* [Problem requirements] When "color" occurs in a line of the material, copy that line.

* [Materials provided]
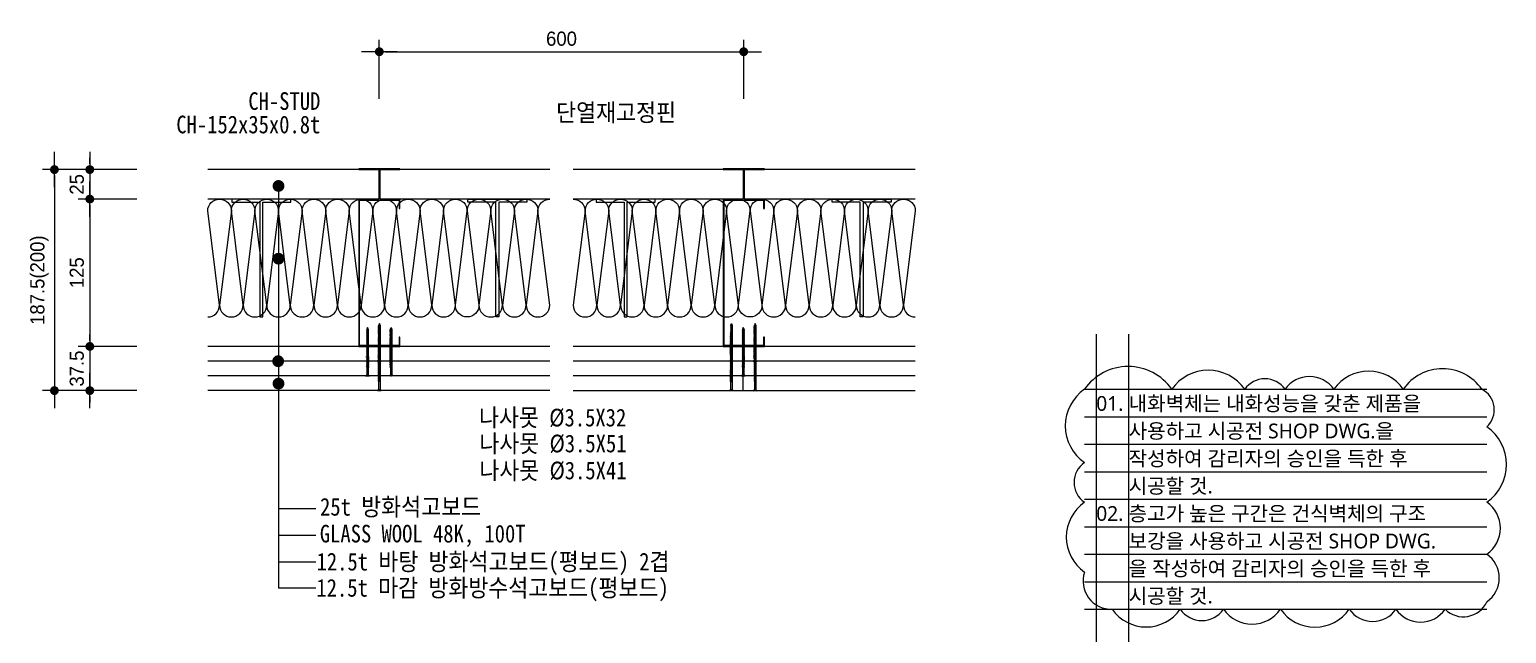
# Model space of a CAD drawing. Header units: millimetres. Extents: x 104 to 12536, y 73 to 2865.
# Drawn here: x 2884 to 4136, y 2302 to 2815 of the extents above; entities that cross this region are included whole.
import ezdxf
from ezdxf.enums import TextEntityAlignment as Align

# ---------------------------------------------------------------- set-up
doc = ezdxf.new("R2010")
doc.units = ezdxf.units.MM
doc.header["$LTSCALE"] = 5
doc.layers.add('A-XXXX-NPLT', color=144, linetype='Continuous', lineweight=15, plot=False)
doc.layers.add('A-XXXX-TXT2', color=3, linetype='Continuous', lineweight=25)
doc.layers.add('REV-202205', color=20, linetype='Continuous', lineweight=25)
for name, color, linetype in [('CHAN', 3, 'Continuous'), ('GB', 7, 'Continuous'), ('INSUL', 8, 'Continuous'), ('ITXT', 5, 'Continuous'), ('PIN', 4, 'Continuous'), ('RXDIM', 7, 'Continuous'), ('SCREW2', 8, 'Continuous'), ('TEXT', 7, 'Continuous')]:
    doc.layers.add(name, color=color, linetype=linetype)
doc.styles.add('CGS', font='')
doc.styles.add('RXHS', font='')
doc.styles.add('맑은 고딕', font='malgun.ttf')
doc.styles.get('CGS').set_extended_font_data('Dotum')
doc.styles.get('RXHS').set_extended_font_data('DotumChe')
doc.dimstyles.new('NDIM', dxfattribs={"dimscale": 5, "dimtxt": 2.4, "dimasz": 1, "dimexe": 2, "dimexo": 2, "dimgap": 1, "dimtad": 1, "dimtoh": 1, "dimdec": 0, "dimzin": 0, "dimdsep": 46, "dimtxsty": 'CGS', "dimblk1": 'DOTK', "dimblk2": 'DOTK', "dimsah": 1, "dimcen": 3, "dimclrt": 3, "dimadec": 0, "dimazin": 0, "dimtfac": 1.25, "dimtdec": 0, "dimtix": 1, "dimtmove": 2, "dimatfit": 3, "dimldrblk": 'DOTK', "dimfxl": 1, "dimtolj": 1, "dimtzin": 0, "dimarcsym": 0})

# ---------------------------------------------------------------- blocks, each defined once
blk = doc.blocks.new('나사못32')
at = {"layer": 'SCREW2'}
for p, q in [((2.2, 30.2), (0.6, 29.7)), ((0.6, 29.7), (0.9, 30.1)), ((0.6, 28.9), (0.9, 29.3)), ((2.2, 29.3), (0.6, 28.9)), ((2.2, 28.5), (0.6, 28)), ((0.6, 28), (0.9, 28.4)), ((2.2, 27.6), (0.6, 27.2)), ((0.6, 27.2), (0.9, 27.6)), ((2.2, 26.8), (0.6, 26.3)), ((0.6, 26.3), (0.9, 26.7)), ((0.6, 25.5), (0.9, 25.9)), ((2.2, 25.9), (0.6, 25.5)), ((2.2, 25.1), (0.6, 24.7)), ((2.5, 30.6), (0.9, 30.1)), ((0.9, 29.8), (0.9, 29.3)), ((2.5, 29.7), (0.9, 29.3)), ((0.9, 29), (0.9, 28.4)), ((2.5, 28.9), (0.9, 28.4)), ((0.9, 28.1), (0.9, 27.6)), ((2.5, 28), (0.9, 27.6)), ((0.9, 27.3), (0.9, 26.7)), ((2.5, 27.2), (0.9, 26.7)), ((0.9, 26.4), (0.9, 25.9)), ((2.5, 26.3), (0.9, 25.9)), ((0.9, 25.6), (0.9, 25)), ((2.5, 25.5), (0.9, 25)), ((1.6, 32), (1, 30.4)), ((1, 30.4), (1.6, 30.9)), ((1, 30.4), (1, 30.1)), ((1.6, 30.9), (1.6, 32)), ((2.3, 30.4), (1.6, 32)), ((2.2, 30.2), (2.5, 30.6)), ((2.2, 30.2), (2.2, 29.6)), ((2.2, 29.3), (2.5, 29.7)), ((2.2, 29.3), (2.2, 28.8)), ((2.2, 28.5), (2.5, 28.9)), ((2.2, 28.5), (2.2, 27.9)), ((2.2, 27.6), (2.5, 28)), ((2.2, 27.6), (2.2, 27.1)), ((2.2, 26.8), (2.5, 27.2)), ((2.2, 26.8), (2.2, 26.2)), ((2.2, 25.9), (2.5, 26.3)), ((2.2, 25.9), (2.2, 25.4)), ((2.2, 25.1), (2.5, 25.5)), ((2.2, 25.1), (2.2, 24.5)), ((0.6, 24.7), (0.9, 25)), ((0.6, 23.8), (0.9, 24.2)), ((2.2, 24.2), (0.6, 23.8)), ((2.2, 23.4), (0.6, 23)), ((0.6, 23), (0.9, 23.3)), ((2.2, 22.5), (0.6, 22.1)), ((0.6, 22.1), (0.9, 22.5)), ((2.2, 21.7), (0.6, 21.3)), ((0.6, 21.3), (0.9, 21.6)), ((2.3, 20.8), (0.6, 20.4)), ((0.6, 20.4), (0.9, 20.8)), ((0.6, 19.6), (0.9, 20)), ((2.2, 20), (0.6, 19.6)), ((2.2, 19.2), (0.6, 18.7)), ((0.6, 18.7), (0.9, 19.1)), ((0.6, 17.9), (0.9, 18.3)), ((2.3, 18.3), (0.6, 17.9)), ((2.2, 17.5), (0.6, 17)), ((0.6, 17), (0.9, 17.4)), ((2.3, 16.7), (0.6, 16.3)), ((0.6, 16.3), (0.9, 16.7)), ((0.6, 15.5), (0.9, 15.9)), ((2.2, 15.9), (0.6, 15.5)), ((2.3, 15.1), (0.6, 14.6)), ((0.6, 14.6), (0.9, 15)), ((2.3, 14.2), (0.6, 13.8)), ((0.6, 13.8), (0.9, 14.2)), ((2.2, 13.4), (0.6, 12.9)), ((0.6, 12.9), (0.9, 13.3)), ((0.9, 24.7), (0.9, 24.2)), ((2.5, 24.6), (0.9, 24.2)), ((0.9, 23.9), (0.9, 23.3)), ((2.5, 23.8), (0.9, 23.3)), ((0.9, 23), (0.9, 22.5)), ((2.5, 22.9), (0.9, 22.5)), ((0.9, 22.2), (0.9, 21.6)), ((2.5, 22.1), (0.9, 21.6)), ((0.9, 21.3), (0.9, 20.8)), ((2.5, 21.2), (0.9, 20.8)), ((0.9, 20.5), (0.9, 20)), ((2.5, 20.4), (0.9, 20)), ((0.9, 19.6), (0.9, 19.1)), ((2.5, 19.5), (0.9, 19.1)), ((0.9, 18.8), (0.9, 18.3)), ((2.5, 18.7), (0.9, 18.3)), ((0.9, 18), (0.9, 17.4)), ((2.5, 17.8), (0.9, 17.4)), ((0.9, 17.5), (0.9, 16.9)), ((0.9, 17.2), (0.9, 16.7)), ((2.5, 17.1), (0.9, 16.7)), ((0.9, 16.4), (0.9, 15.9)), ((2.5, 16.3), (0.9, 15.9)), ((0.9, 15.6), (0.9, 15)), ((2.5, 15.4), (0.9, 15)), ((0.9, 14.7), (0.9, 14.2)), ((2.5, 14.6), (0.9, 14.2)), ((0.9, 13.9), (0.9, 13.3)), ((2.5, 13.7), (0.9, 13.3)), ((0.9, 13), (0.9, 12.5)), ((2.5, 12.9), (0.9, 12.5)), ((2.2, 24.2), (2.5, 24.6)), ((2.2, 24.2), (2.2, 23.7)), ((2.2, 23.4), (2.5, 23.8)), ((2.2, 23.4), (2.2, 22.8)), ((2.2, 22.5), (2.5, 22.9)), ((2.2, 22.5), (2.2, 22)), ((2.2, 21.7), (2.5, 22.1)), ((2.2, 21.7), (2.2, 21.2)), ((2.2, 20.8), (2.2, 20.3)), ((2.2, 20), (2.5, 20.4)), ((2.2, 20), (2.2, 19.5)), ((2.2, 19.2), (2.5, 19.5)), ((2.2, 19.1), (2.2, 18.6)), ((2.2, 18.3), (2.2, 17.8)), ((2.2, 17.5), (2.5, 17.8)), ((2.2, 17.5), (2.2, 17)), ((2.2, 16.7), (2.2, 16.5)), ((2.2, 16.7), (2.2, 15.9)), ((2.2, 15.9), (2.5, 16.3)), ((2.2, 15.9), (2.2, 15.4)), ((2.2, 15.1), (2.2, 14.5)), ((2.2, 14.2), (2.2, 13.7)), ((2.2, 13.4), (2.5, 13.7)), ((2.2, 13.4), (2.2, 12.8)), ((2.3, 20.8), (2.5, 21.2)), ((2.3, 18.3), (2.5, 18.7)), ((2.3, 16.7), (2.5, 17.1)), ((2.3, 15.1), (2.5, 15.4)), ((2.3, 14.2), (2.5, 14.6)), ((2.3, 12.5), (2.5, 12.9)), ((0, 0), (1.1, 0)), ((2.3, 12.5), (0.6, 12.1)), ((0.6, 12.1), (0.9, 12.5)), ((2.3, 11.7), (0.6, 11.2)), ((0.6, 11.2), (0.9, 11.6)), ((0.6, 10.4), (0.9, 10.8)), ((2.3, 10.8), (0.6, 10.4)), ((2.3, 10), (0.7, 9.5)), ((0.7, 9.5), (0.9, 9.9)), ((0.7, 8.7), (0.9, 9.1)), ((2.3, 9.1), (0.7, 8.7)), ((2.3, 8.3), (0.7, 7.9)), ((0.7, 7.9), (0.9, 8.2)), ((2.3, 7.4), (0.7, 7)), ((0.7, 7), (1, 7.4)), ((2.3, 6.6), (0.7, 6.2)), ((0.7, 6.2), (1, 6.5)), ((0.7, 5.3), (1, 5.7)), ((2.3, 5.7), (0.7, 5.3)), ((0.9, 12.2), (0.9, 11.6)), ((2.5, 12.1), (0.9, 11.6)), ((0.9, 11.3), (0.9, 10.8)), ((2.5, 11.2), (0.9, 10.8)), ((0.9, 10.5), (0.9, 9.9)), ((2.6, 10.4), (0.9, 9.9)), ((0.9, 9.6), (0.9, 9.1)), ((2.6, 9.5), (0.9, 9.1)), ((0.9, 8.8), (0.9, 8.2)), ((2.6, 8.7), (0.9, 8.2)), ((1, 7.9), (1, 7.4)), ((2.6, 7.8), (1, 7.4)), ((1, 7.1), (1, 6.5)), ((2.6, 7), (1, 6.5)), ((1, 6.2), (1, 5.7)), ((2.6, 6.1), (1, 5.7)), ((1, 5.4), (1, 1.2)), ((1.6, 0.5), (1.6, 0.7)), ((1.6, 0.7), (1.6, 0.7)), ((1.7, 0.5), (1.7, 0.7)), ((2.2, 12.5), (2.2, 12)), ((2.3, 11.7), (2.5, 12.1)), ((2.3, 11.7), (2.3, 11.1)), ((2.3, 10.8), (2.5, 11.2)), ((2.3, 10.8), (2.3, 10.3)), ((2.3, 10), (2.6, 10.4)), ((2.3, 10), (2.3, 9.4)), ((2.3, 9.1), (2.6, 9.5)), ((2.3, 9.1), (2.3, 8.6)), ((2.3, 8.3), (2.6, 8.7)), ((2.3, 8.3), (2.3, 7.7)), ((2.3, 7.4), (2.6, 7.8)), ((2.3, 7.4), (2.3, 6.9)), ((2.3, 6.6), (2.6, 7)), ((2.3, 6.6), (2.3, 6.1)), ((2.3, 5.7), (2.6, 6.1)), ((2.3, 5.7), (2.3, 1.2)), ((2.1, 0), (3.2, 0))]:
    blk.add_line(p, q, dxfattribs=at)
for centre, radius, start, end in [((-0.4, 1.3), 1.4, 288.341, 354.2702), ((1.1, 0.5), 0.473, 267.5265, 0.9138), ((1.6, -2), 2.05, 80.2866, 99.7134), ((1.6, 0.7), 0.033, 360, 90), ((1.6, 0.7), 0.033, 90, 180), ((2.1, 0.5), 0.473, 179.0862, 272.4735), ((3.7, 1.3), 1.4, 185.7298, 251.659)]:
    blk.add_arc(centre, radius, start, end, dxfattribs=at)
blk = doc.blocks.new('나사못41')
at = {"layer": 'SCREW2'}
for p, q in [((2.2, 39.2), (0.6, 38.7)), ((0.6, 38.7), (0.9, 39.1)), ((0.6, 37.9), (0.9, 38.3)), ((2.3, 38.3), (0.6, 37.9)), ((2.5, 39.6), (0.9, 39.1)), ((0.9, 38.8), (0.9, 38.3)), ((2.5, 38.7), (0.9, 38.3)), ((0.9, 38), (0.9, 37.4)), ((2.5, 37.9), (0.9, 37.4)), ((1.6, 41), (1, 39.4)), ((1, 39.4), (1.6, 39.9)), ((1, 39.4), (1, 39.1)), ((1.6, 39.9), (1.6, 41)), ((2.3, 39.5), (1.6, 41)), ((2.2, 39.2), (2.5, 39.6)), ((2.2, 39.2), (2.2, 38.6)), ((2.2, 38.3), (2.2, 37.8)), ((2.3, 38.3), (2.5, 38.7)), ((2.3, 37.5), (2.5, 37.9)), ((2.3, 37.5), (0.6, 37)), ((0.6, 37), (0.9, 37.4)), ((2.2, 36.6), (0.6, 36.2)), ((0.6, 36.2), (0.9, 36.6)), ((2.2, 35.8), (0.6, 35.3)), ((0.6, 35.3), (0.9, 35.7)), ((0.6, 34.5), (0.9, 34.9)), ((2.3, 34.9), (0.6, 34.5)), ((2.3, 34.1), (0.6, 33.7)), ((0.6, 33.7), (0.9, 34)), ((0.6, 32.8), (0.9, 33.2)), ((2.2, 33.2), (0.6, 32.8)), ((2.2, 32.4), (0.6, 32)), ((0.6, 32), (0.9, 32.3)), ((2.3, 31.5), (0.6, 31.1)), ((0.6, 31.1), (0.9, 31.5)), ((2.3, 30.7), (0.6, 30.3)), ((0.6, 30.3), (0.9, 30.6)), ((2.3, 29.8), (0.6, 29.4)), ((0.6, 29.4), (0.9, 29.8)), ((0.6, 28.6), (0.9, 29)), ((2.3, 29), (0.6, 28.6)), ((2.3, 28.2), (0.6, 27.7)), ((0.6, 27.7), (0.9, 28.1)), ((0.6, 26.9), (0.9, 27.3)), ((2.3, 27.3), (0.6, 26.9)), ((2.3, 26.5), (0.6, 26)), ((0.6, 26), (0.9, 26.4)), ((0.6, 25.2), (0.9, 25.6)), ((2.3, 25.6), (0.6, 25.2)), ((0.9, 37.1), (0.9, 36.6)), ((2.5, 37), (0.9, 36.6)), ((0.9, 36.3), (0.9, 35.7)), ((2.5, 36.2), (0.9, 35.7)), ((0.9, 35.4), (0.9, 34.9)), ((2.5, 35.3), (0.9, 34.9)), ((0.9, 34.6), (0.9, 34)), ((2.5, 34.5), (0.9, 34)), ((0.9, 33.7), (0.9, 33.2)), ((2.5, 33.6), (0.9, 33.2)), ((0.9, 32.9), (0.9, 32.3)), ((2.5, 32.8), (0.9, 32.3)), ((0.9, 32), (0.9, 31.5)), ((2.5, 31.9), (0.9, 31.5)), ((0.9, 31.2), (0.9, 30.6)), ((2.5, 31.1), (0.9, 30.6)), ((0.9, 30.3), (0.9, 29.8)), ((2.5, 30.2), (0.9, 29.8)), ((0.9, 29.5), (0.9, 29)), ((2.5, 29.4), (0.9, 29)), ((0.9, 28.6), (0.9, 28.1)), ((2.5, 28.5), (0.9, 28.1)), ((0.9, 27.8), (0.9, 27.3)), ((2.5, 27.7), (0.9, 27.3)), ((0.9, 27), (0.9, 26.4)), ((2.5, 26.8), (0.9, 26.4)), ((0.9, 26.1), (0.9, 25.6)), ((2.5, 26), (0.9, 25.6)), ((0.9, 25.3), (0.9, 24.7)), ((2.5, 25.1), (0.9, 24.7)), ((2.2, 37.5), (2.2, 36.9)), ((2.2, 36.6), (2.5, 37)), ((2.2, 36.6), (2.2, 36.1)), ((2.2, 35.8), (2.5, 36.2)), ((2.2, 35.8), (2.2, 35.2)), ((2.2, 34.9), (2.2, 34.4)), ((2.2, 34.1), (2.2, 33.5)), ((2.2, 33.2), (2.5, 33.6)), ((2.2, 33.2), (2.2, 32.7)), ((2.2, 32.4), (2.5, 32.8)), ((2.2, 32.4), (2.2, 31.8)), ((2.2, 31.5), (2.2, 31)), ((2.2, 30.7), (2.2, 30.2)), ((2.2, 29.8), (2.2, 29.3)), ((2.2, 29), (2.2, 28.5)), ((2.2, 28.1), (2.2, 27.6)), ((2.2, 27.3), (2.2, 26.8)), ((2.2, 26.5), (2.2, 25.9)), ((2.2, 25.6), (2.2, 25.1)), ((2.3, 34.9), (2.5, 35.3)), ((2.3, 34.1), (2.5, 34.5)), ((2.3, 31.5), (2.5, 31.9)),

* [Task solution]
doc.layers.add('A-XXXX-NPLT', color=144, linetype='Continuous', lineweight=15, plot=False)
doc.layers.add('A-XXXX-TXT2', color=3, linetype='Continuous', lineweight=25)
doc.layers.add('REV-202205', color=20, linetype='Continuous', lineweight=25)
for name, color, linetype in [('CHAN', 3, 'Continuous'), ('GB', 7, 'Continuous'), ('INSUL', 8, 'Continuous'), ('ITXT', 5, 'Continuous'), ('PIN', 4, 'Continuous'), ('RXDIM', 7, 'Continuous'), ('SCREW2', 8, 'Continuous'), ('TEXT', 7, 'Continuous')]:
    doc.layers.add(name, color=color, linetype=linetype)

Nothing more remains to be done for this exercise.